Visible to Intel only — GUID: GUID-5A7586DE-560A-4C20-A14A-EEAA51A5D7FD
Visible to Intel only — GUID: GUID-5A7586DE-560A-4C20-A14A-EEAA51A5D7FD
Error Message: Bad Termination
NOTE: The values in the tables below may not reflect the exact node or MPI process where a failure can occur.
Case 1
Error Message
=================================================================================== = BAD TERMINATION OF ONE OF YOUR APPLICATION PROCESSES = RANK 1 PID 27494 RUNNING AT node1 = KILLED BY SIGNAL: 11 (Segmentation fault) ===================================================================================
or:
=================================================================================== = BAD TERMINATION OF ONE OF YOUR APPLICATION PROCESSES = RANK 1 PID 27494 RUNNING AT node1 = KILLED BY SIGNAL: 8 (Floating point exception) ===================================================================================
Cause
One of MPI processes is terminated by a signal (for example, Segmentation fault or Floating point exception) on the node01.
Solution
Find the reason of the MPI process termination.
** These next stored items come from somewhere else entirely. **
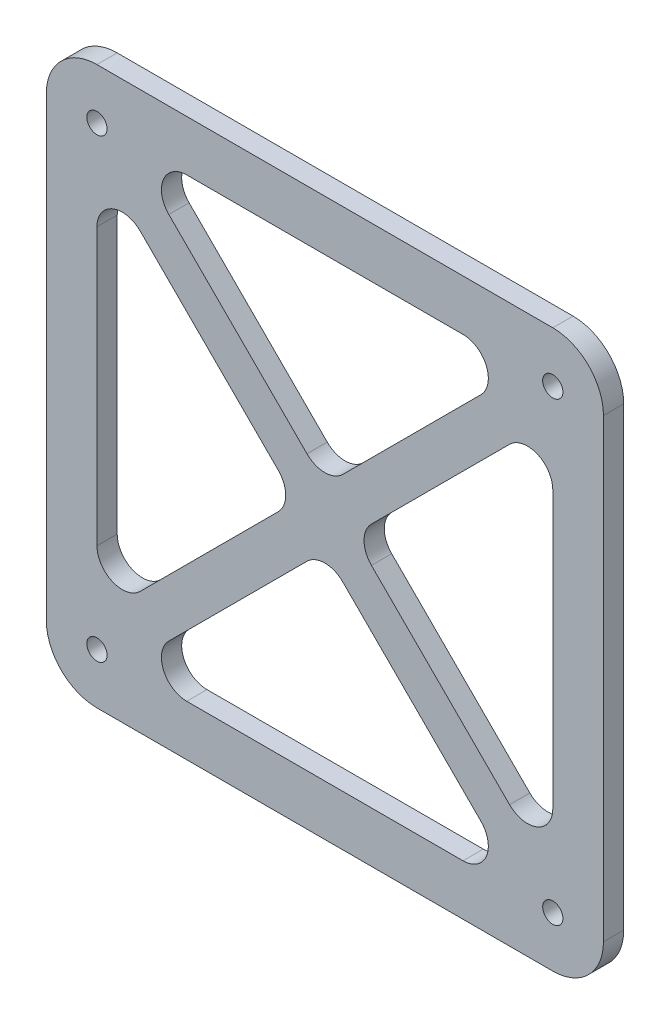
SolidWorks part; units mm, degrees
material "Hexcel AS4C (3000 Filaments)"
ref_plane "Front Plane" through (0, 0, 0) normal (0, 0, 1) x (1, 0, 0)
ref_plane "Top Plane" through (0, 0, 0) normal (0, 1, 0) x (1, 0, 0)
ref_plane "Right Plane" through (0, 0, 0) normal (1, 0, 0) x (0, 0, -1)
sketch "Sketch1" plane through (0, 0, 0) normal (0, 0, 1) x (1, 0, 0)
  line L0 (0, 0) -> (0, 42.3983) construction
  line L1 (22.5, 27.5) -> (-22.5, 27.5)
  line L2 (27.5, 22.5) -> (27.5, -22.5)
  line L3 (22.5, -27.5) -> (-22.5, -27.5)
  line L4 (-27.5, 22.5) -> (-27.5, -22.5)
  line L5 (27.5, 27.5) -> (-27.5, -27.5) construction
  line L6 (27.5, -27.5) -> (-27.5, 27.5) construction
  line L7 (-13.636, 22.5) -> (13.636, 22.5)
  line L8 (15.4038, 18.2322) -> (1.7678, 4.5962)
  line L9 (-1.7678, 4.5962) -> (-15.4038, 18.2322)
  line L10 (-18.2322, 15.4038) -> (-4.5962, 1.7678)
  line L11 (-4.5962, -1.7678) -> (-18.2322, -15.4038)
  line L12 (-22.5, -13.636) -> (-22.5, 13.636)
  line L13 (-15.4038, -18.2322) -> (-1.7678, -4.5962)
  line L14 (1.7678, -4.5962) -> (15.4038, -18.2322)
  line L15 (13.636, -22.5) -> (-13.636, -22.5)
  line L16 (18.2322, -15.4038) -> (4.5962, -1.7678)
  line L17 (4.5962, 1.7678) -> (18.2322, 15.4038)
  line L18 (22.5, 13.636) -> (22.5, -13.636)
  arc A0 (-22.5, 27.5) -> (-27.5, 22.5) centre (-22.5, 22.5) ccw
  arc A1 (-27.5, -22.5) -> (-22.5, -27.5) centre (-22.5, -22.5) ccw
  arc A2 (22.5, -27.5) -> (27.5, -22.5) centre (22.5, -22.5) ccw
  arc A3 (27.5, 22.5) -> (22.5, 27.5) centre (22.5, 22.5) ccw
  circle A4 centre (-22.5, 22.5) radius 1
  circle A5 centre (22.5, 22.5) radius 1
  circle A6 centre (22.5, -22.5) radius 1
  circle A7 centre (-22.5, -22.5) radius 1
  arc A8 (13.636, 22.5) -> (15.4038, 18.2322) centre (13.636, 20) cw
  arc A12 (1.7678, 4.5962) -> (-1.7678, 4.5962) centre (0, 6.364) cw
  arc A13 (-15.4038, 18.2322) -> (-13.636, 22.5) centre (-13.636, 20) cw
  arc A14 (-18.2322, -15.4038) -> (-22.5, -13.636) centre (-20, -13.636) cw
  arc A15 (-22.5, 13.636) -> (-18.2322, 15.4038) centre (-20, 13.636) cw
  arc A16 (-4.5962, 1.7678) -> (-4.5962, -1.7678) centre (-6.364, 0) cw
  arc A17 (15.4038, -18.2322) -> (13.636, -22.5) centre (13.636, -20) cw
  arc A18 (-13.636, -22.5) -> (-15.4038, -18.2322) centre (-13.636, -20) cw
  arc A19 (-1.7678, -4.5962) -> (1.7678, -4.5962) centre (0, -6.364) cw
  arc A20 (18.2322, 15.4038) -> (22.5, 13.636) centre (20, 13.636) cw
  arc A21 (22.5, -13.636) -> (18.2322, -15.4038) centre (20, -13.636) cw
  arc A22 (4.5962, -1.7678) -> (4.5962, 1.7678) centre (6.364, 0) cw
  point P0 (0, 0)
  point P22 (0, 0)
  point P25 (0, 0)
  point P28 (0, 0)
  point P31 (0, 0)
  point P41 (0, 0)
  point P45 (0, 2.8284)
  point P78 (0, 0)
  dimension "D3" = 5
  dimension "D4" = 4
  dimension "D5" = 5
  dimension "D6" = 4
  dimension "D8" = 2.5
  dimension "D1" = 55
  dimension "D2" = 55
  dimension "D7" = 2
extrude "Boss-Extrude1" add sketch "Sketch1" along normal blind 2
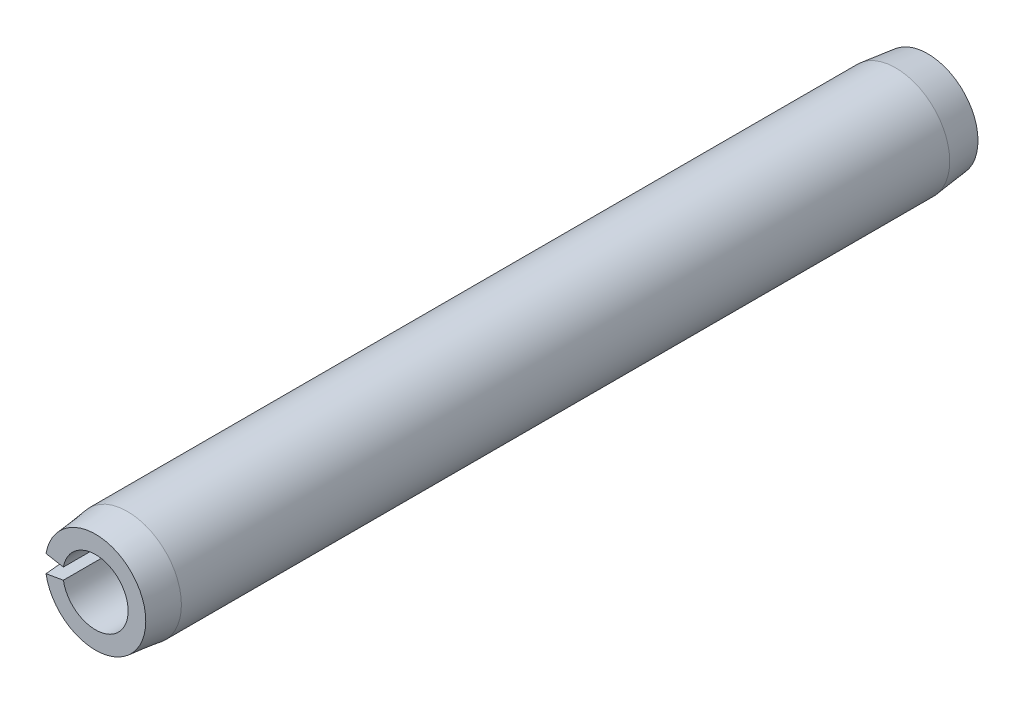
SolidWorks part; units mm, degrees
ref_plane "Front Plane" through (0, 0, 0) normal (0, 0, 1) x (1, 0, 0)
ref_plane "Top Plane" through (0, 0, 0) normal (0, 1, 0) x (1, 0, 0)
ref_plane "Right Plane" through (0, 0, 0) normal (1, 0, 0) x (0, 0, -1)
sketch "Sketch1" plane through (0, 0, 0) normal (0, 0, 1) x (1, 0, 0)
  line L0 (1.2446, 0) -> (2.0574, 0) construction
  line L1 (-2.0261, 0.3573) -> (-1.2257, 0.2161)
  line L2 (-1.2257, -0.2161) -> (-2.0261, -0.3573)
  arc A0 (-2.0261, -0.3573) -> (-2.0261, 0.3573) centre (0, 0) ccw
  arc A1 (-1.2257, -0.2161) -> (-1.2257, 0.2161) centre (0, 0) ccw
  dimension "OD" = 4.1148
  dimension "Wall thickness" = 0.8128
  dimension "D3" = 20
extrude "Extrude1" add sketch "Sketch1" along normal mid plane 31.75
sketch "Sketch2" plane through (0, 0, 0) normal (1, 0, 0) x (0, 0, -1)
  line L0 (0, -2.0574) -> (0, 2.0574) construction
  line L1 (15.875, 0) -> (-15.875, 0) construction
  line L2 (15.875, -1.2446) -> (15.875, 1.2446) construction
  line L3 (15.875, 2.0574) -> (-15.875, 2.0574) construction
  line L4 (15.875, 2.0574) -> (15.875, 1.9177)
  line L5 (15.875, 1.9177) -> (14.6558, 2.0574)
  line L6 (14.6558, 2.0574) -> (15.875, 2.0574)
  line L7 (15.875, -2.0574) -> (15.875, 2.0574) construction
  line L8 (-14.6558, 2.0574) -> (-15.875, 2.0574)
  line L9 (-15.875, 1.9177) -> (-14.6558, 2.0574)
  line L10 (-15.875, 2.0574) -> (-15.875, 1.9177)
  line L11 (14.6558, -2.0574) -> (15.875, -2.0574) construction
  line L12 (15.875, -1.9177) -> (14.6558, -2.0574) construction
  line L13 (15.875, -2.0574) -> (15.875, -1.9177) construction
  dimension "B" = 3.8354
  dimension "Chamfer max" = 1.2192
revolve "Cut-Revolve1" cut sketch "Sketch2" angle 360 about L1
sketch "Sketch3" plane through (0, 0, 0) normal (0, 0, 1) x (1, 0, 0)
  line L0 (1.2446, 0) -> (2.0574, 0) construction
  line L1 (1.2446, 0) -> (2.0574, 0)
  circle A0 centre (0, 0) radius 2.0574
  circle A1 centre (0, 0) radius 1.2446
  arc A2 (-2.0261, -0.3573) -> (-2.0261, 0.3573) centre (0, 0) ccw construction
  arc A3 (-1.2257, -0.2161) -> (-1.2257, 0.2161) centre (0, 0) ccw construction
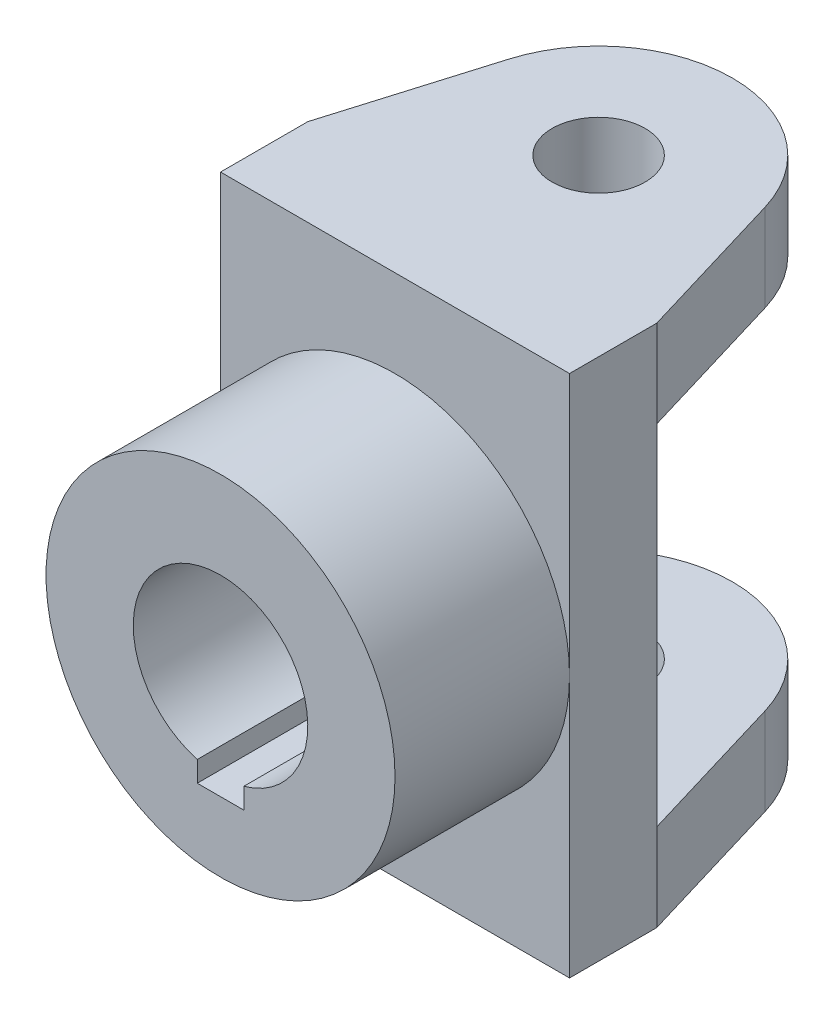
SolidWorks part; units mm, degrees
ref_plane "Front Plane" through (0, 0, 0) normal (0, 0, 1) x (1, 0, 0)
ref_plane "Top Plane" through (0, 0, 0) normal (0, 1, 0) x (1, 0, 0)
ref_plane "Right Plane" through (0, 0, 0) normal (1, 0, 0) x (0, 0, -1)
sketch "Sketch1" plane through (0, 0, 0) normal (0, 0, 1) x (1, 0, 0)
  line L1 (-30, 45) -> (30, 45)
  line L2 (-30, 45) -> (-30, -45)
  line L3 (-30, -45) -> (30, -45)
  line L4 (30, 45) -> (30, -45)
  line L5 (-30, 45) -> (30, -45) construction
  line L6 (-30, -45) -> (30, 45) construction
  point P0 (0, 0)
  dimension "D1" = 60
  dimension "D2" = 90
extrude "Boss-Extrude1" add sketch "Sketch1" along normal blind 15
sketch "Sketch2" plane through (0, 0, 15) normal (0, 0, 1) x (1, 0, 0)
  line L0 (-4, -14.4568) -> (-4, -18)
  line L3 (-4, -18) -> (4, -18)
  line L4 (4, -14.4568) -> (4, -18)
  circle A0 centre (0, 0) radius 30
  arc A1 (4, -14.4568) -> (-4, -14.4568) centre (0, 0) ccw
  dimension "D1" = 60
  dimension "D2" = 30
extrude "Boss-Extrude2" add sketch "Sketch2" along normal blind 30
sketch "Sketch3" plane through (0, 45, 0) normal (0, 1, 0) x (1, 0, 0)
  line L0 (-30, -15) -> (30, -15) construction
  line L1 (-30, 0) -> (30, 0)
  line L2 (-30, 0) -> (-22.0329, 26.5993)
  line L3 (30, 0) -> (22.0329, 26.5993)
  circle A1 centre (0, 20) radius 8
  arc A2 (22.0329, 26.5993) -> (-22.0329, 26.5993) centre (0, 20) ccw
  point P5 (0, -15)
  point P10 (0, 0)
  dimension "D2" = 16
  dimension "D3" = 35
extrude "Boss-Extrude3" add sketch "Sketch3" against normal blind 15
mirror "Mirror1" about plane through (0, 0, 0) normal (0, 1, 0) of "Boss-Extrude3"
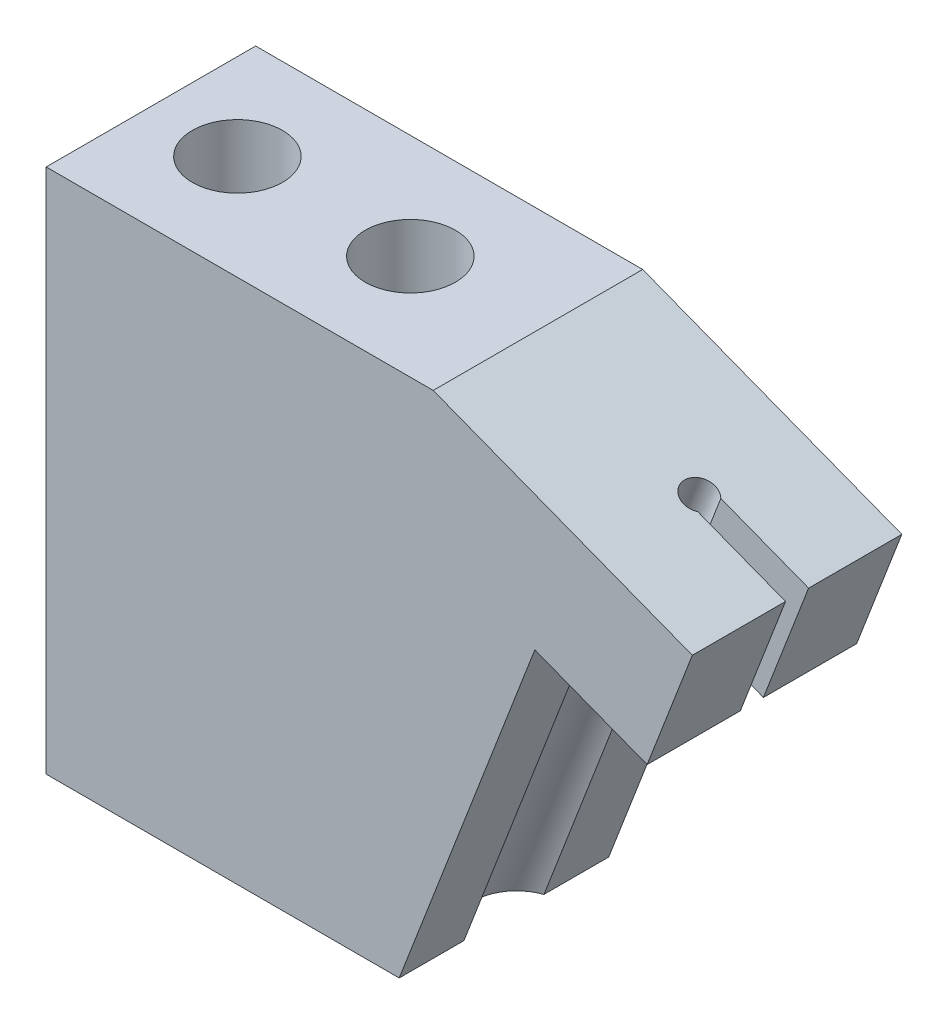
SolidWorks part; units mm, degrees
ref_plane "Front" through (0, 0, 0) normal (0, 0, 1) x (1, 0, 0)
ref_plane "Top" through (0, 0, 0) normal (0, 1, 0) x (1, 0, 0)
ref_plane "Right" through (0, 0, 0) normal (1, 0, 0) x (0, 0, -1)
sketch "Sketch1" plane through (0, 0, 0) normal (0, 0, 1) x (1, 0, 0)
  line L0 (-7.7031, 2.9677) -> (0, 0)
  line L1 (0, 0) -> (7.7031, -2.9677)
  line L2 (-1.9436, 4.731) -> (6.4636, 4.731) construction
  line L3 (0, 0) -> (0, -15.6645) construction
  line L4 (7.7031, -2.9677) -> (1.0375, -20.269)
  line L5 (0, 0) -> (-5.9062, -15.3301) construction
  line L6 (-25.4601, -0.269) -> (-25.4601, -20.269)
  line L7 (-25.4601, -0.269) -> (-8.9501, -0.269)
  line L10 (-25.4601, -20.269) -> (1.0375, -20.269)
  line L11 (-7.7031, 2.9677) -> (-8.9501, -0.269)
  point P7 (1.8227, 4.731)
  dimension "D1" = 21.07
  dimension "D2" = 16.51
  dimension "D3" = 16.51
  dimension "D4" = 25
  dimension "D5" = 20
  dimension "D6" = 5.07
extrude "Base-Extrude" add sketch "Sketch1" along normal mid plane 10
sketch "Sketch2" plane through (0, 0, 5) normal (0, 0, 1) x (1, 0, 0)
  line L0 (-7.7031, 2.9677) -> (7.7031, -2.9677)
  line L1 (7.7031, -2.9677) -> (1.0375, -20.269)
  line L2 (1.0375, -20.269) -> (7.7031, -2.9677) construction
  line L3 (-2.1332, -3.4647) -> (-9.1411, -0.7648)
  line L4 (-7.7031, 2.9677) -> (-9.1411, -0.7648)
  line L5 (-8.6073, -20.269) -> (-2.1332, -3.4647)
  line L7 (-8.6073, -20.269) -> (1.0375, -20.269)
  line L8 (-25.4601, -20.269) -> (1.0375, -20.269) construction
  dimension "D1" = 4
  dimension "D2" = 9
extrude "Cutaway for Clamp Plate & Wire" cut sketch "Sketch2" against normal through all
sketch "Sketch3" plane through (0, 0, 0) normal (0, 0, 1) x (1, 0, 0)
  line L0 (0, 0) -> (-2.873, -7.4572) construction
  line L1 (7.7031, -2.9677) -> (-7.7031, 2.9677) construction
  circle A0 centre (2.4135, -5.2164) radius 2.413
  circle A1 centre (-5.2896, -2.2487) radius 2.413
  dimension "D1" = 4.826
  dimension "D4" = 4.1275
  dimension "D2" = 90
  dimension "D3" = 4
extrude "Clamp Plate Holes (altered to #10-24 OCT04)" cut sketch "Sketch3" against normal up to surface (5 mm away)
sketch "Sketch4" plane through (0, -0.269, 0) normal (0, 1, 0) x (-1, 0, 0)
  line L0 (17.2051, -5) -> (17.2051, 5) construction
  line L1 (8.9501, -5) -> (25.4601, -5) construction
  line L2 (8.9501, 5) -> (25.4601, 5) construction
  line L3 (25.4601, 0) -> (17.2051, 0) construction
  line L5 (25.4601, 5) -> (25.4601, -5) construction
  circle A0 centre (21.3326, 0) radius 2.1527
  circle A1 centre (13.0776, 0) radius 2.1527
  dimension "D1" = 4.3053
extrude "Holes to Pitch Plate" cut sketch "Sketch4" against normal up to surface (20 mm away)
sketch "Sketch5" plane through (-1.438, -3.7326, 0) normal (0.3595, 0.9331, 0) x (-0.9331, 0.3595, 0)
  line L1 (8.255, 5) -> (0, 5)
  line L2 (8.255, 5) -> (8.255, -5)
  line L3 (8.255, -5) -> (0, -5)
  line L4 (0, 5) -> (-5, 5)
  line L5 (4.8209, 0) -> (-7.2676, 0) construction
  line L6 (0, 5) -> (0, -5) construction
  line L7 (0, -5) -> (-5, -5)
  line L8 (-5, 5) -> (-5, -5)
  circle A0 centre (0, 0) radius 2.05
  arc A1 (0, 5) -> (-5, 0) centre (0, 0) ccw construction
  arc A2 (-5, 0) -> (0, -5) centre (0, 0) ccw construction
  dimension "D1" = 4.1
  dimension "D2" = 10
extrude "Extrude1" add sketch "Sketch5" along normal blind 4
ref_plane "Plane1" through (-1.438, -3.7326, 0) normal (-0.3595, -0.9331, 0) x (0.9331, -0.3595, 0)
sketch "Sketch6" plane through (0, 0, 0) normal (0.3595, 0.9331, 0) x (-0.9331, 0.3595, 0)
  line L0 (0, 5) -> (8.255, 5)
  line L1 (8.255, 5) -> (8.255, -5)
  line L2 (8.255, -5) -> (0, -5)
  line L3 (0, 5) -> (-5, 5)
  line L4 (-5, 5) -> (-5, -5)
  line L5 (-5, -5) -> (0, -5)
  arc A0 (0, -5) -> (-5, 0) centre (0, 0) cw construction
  circle A1 centre (0, 0) radius 0.75
  arc A2 (-5, 0) -> (0, 5) centre (0, 0) cw construction
  dimension "D1" = 1.5
extrude "Extrude2" add sketch "Sketch6" along normal blind 2
sketch "Sketch8" plane through (0, -0.269, 0) normal (0, 1, 0) x (-1, 0, 0)
  line L1 (25.4601, -5) -> (6.9841, -5)
  line L2 (25.4601, -5) -> (25.4601, 5)
  line L3 (25.4601, 5) -> (6.9841, 5)
  line L4 (6.9841, -5) -> (6.9841, 5)
  circle A0 centre (21.3326, 0) radius 2.1527
  circle A1 centre (13.0776, 0) radius 2.1527
  circle A2 centre (21.3326, 0) radius 2.1526 construction
  circle A3 centre (13.0776, 0) radius 2.1527 construction
extrude "Extrude3" add sketch "Sketch8" along normal up to vertex (5.103 mm away)
sketch "Sketch7" plane through (-1.438, -3.7326, 0) normal (-0.3595, -0.9331, 0) x (0.9331, -0.3595, 0)
  circle A0 centre (0, 0) radius 2.05
  circle A1 centre (0, 0) radius 2.05 construction
extrude "Cut-Extrude1" cut sketch "Sketch7" along normal through all
sketch "Sketch11" plane through (0.719, 1.8663, 0) normal (0.3595, 0.9331, 0) x (-0.9331, 0.3595, 0)
  circle A0 centre (0, 0) radius 0.75
  circle A1 centre (0, 0) radius 0.75 construction
extrude "Cut-Extrude2" cut sketch "Sketch11" against normal through all
sketch "Sketch12" plane through (4.6657, -1.7975, 0) normal (0.9331, -0.3595, 0) x (0, 0, -1)
  line L0 (-0.55, 2) -> (-0.55, -4)
  line L1 (-5, 2) -> (5, 2) construction
  line L2 (-5, -4) -> (5, -4) construction
  line L3 (-0.55, -4) -> (0.55, -4)
  line L4 (0.55, -4) -> (0.55, 2)
  line L5 (0.55, 2) -> (-0.55, 2)
  line L6 (0, -1.2707) -> (0, 1.4957) construction
  dimension "D1" = 1.1
extrude "Cut-Extrude3" cut sketch "Sketch12" against normal up to next
hole_wizard "#8-32 Tapped Hole1" positions "Sketch14" profile "Sketch13" tap size "#8-32" standard "Ansi Inch"
sketch "Sketch14" plane through (-0.6952, 0.2678, 0) normal (0.9331, -0.3595, 0) x (0, 0, -1)
  line L0 (0.55, -4) -> (5, -4) construction
  point P0 (-0.041, -7.429)
  dimension "D1" = 3.429
sketch "Sketch13" plane through (-3.366, -6.6645, 0.041) normal (0, 0, 1) x (0.3595, 0.9331, 0)
  line L0 (0, 0) -> (0, 7.8958)
  line L1 (0, 7.8958) -> (1.7272, 6.858)
  line L2 (1.7272, 6.858) -> (1.7272, 0)
  line L5 (1.7272, 0) -> (0, 0)
  line L10 (0, 7.8958) -> (-1.7272, 6.858) construction
  line L11 (0, -6.35) -> (0, 107.95) construction
  dimension "Tap Drill Dia." = 3.4544
  dimension "Tap Drill Depth" = 6.858
  dimension "Drill Angle" = 118
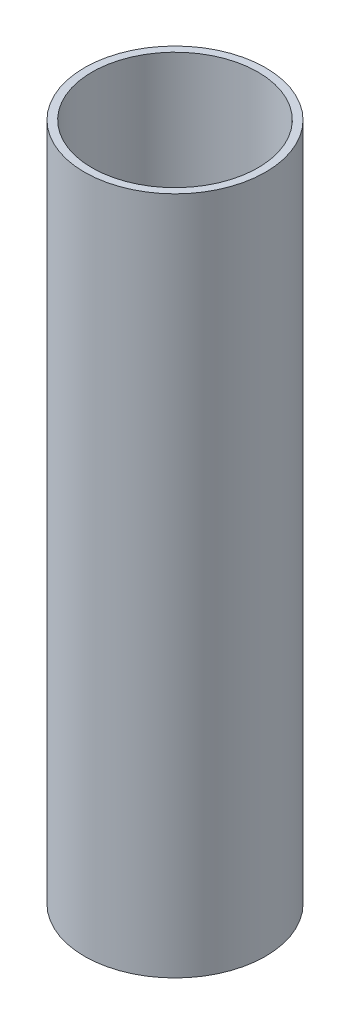
SolidWorks part; units mm, degrees
ref_plane "前基準面" through (0, 0, 0) normal (0, 0, 1) x (1, 0, 0)
ref_plane "上基準面" through (0, 0, 0) normal (0, 1, 0) x (1, 0, 0)
ref_plane "右基準面" through (0, 0, 0) normal (1, 0, 0) x (0, 0, -1)
sketch "草圖1" plane through (0, 0, 0) normal (0, 1, 0) x (1, 0, 0)
  circle A0 centre (0, 0) radius 24
  dimension "D1" = 48
extrude "填料-伸長1" add sketch "草圖1" along normal blind 180 contours A0
sketch "草圖2" plane through (0, 180, 0) normal (0, 1, 0) x (1, 0, 0)
  circle A0 centre (0, 0) radius 22
  dimension "D1" = 44
extrude "除料-伸長1" cut sketch "草圖2" against normal blind 180
ref_plane "平面1" through (-24, 0, 0) normal (1, 0, 0) x (0, 0, -1)

It can be the out-of-memory issue in case of Segmentation fault or division by zero in case of Floating point exception.
Case 2
Error Message
================================================================================ = BAD TERMINATION OF ONE OF YOUR APPLICATION PROCESSES = RANK 1 PID 20066 RUNNING AT node01 = KILLED BY SIGNAL: 9 (Killed) ================================================================================
Cause
One of MPI processes is terminated by a signal (for example, SIGTERM or SIGKILL) on the node01 due to:
- the host reboot;
- an unexpected signal received;
- out-of-memory manager (OOM) errors;
- killing by the process manager (if another process was terminated before the current process);
- job termination by the Job Scheduler (PBS Pro*, SLURM*) in case of resources limitation (for example, walltime or cputime limitation).
Solution
- Check the system log files.
- Try to find the reason of the MPI process termination and fix the issue.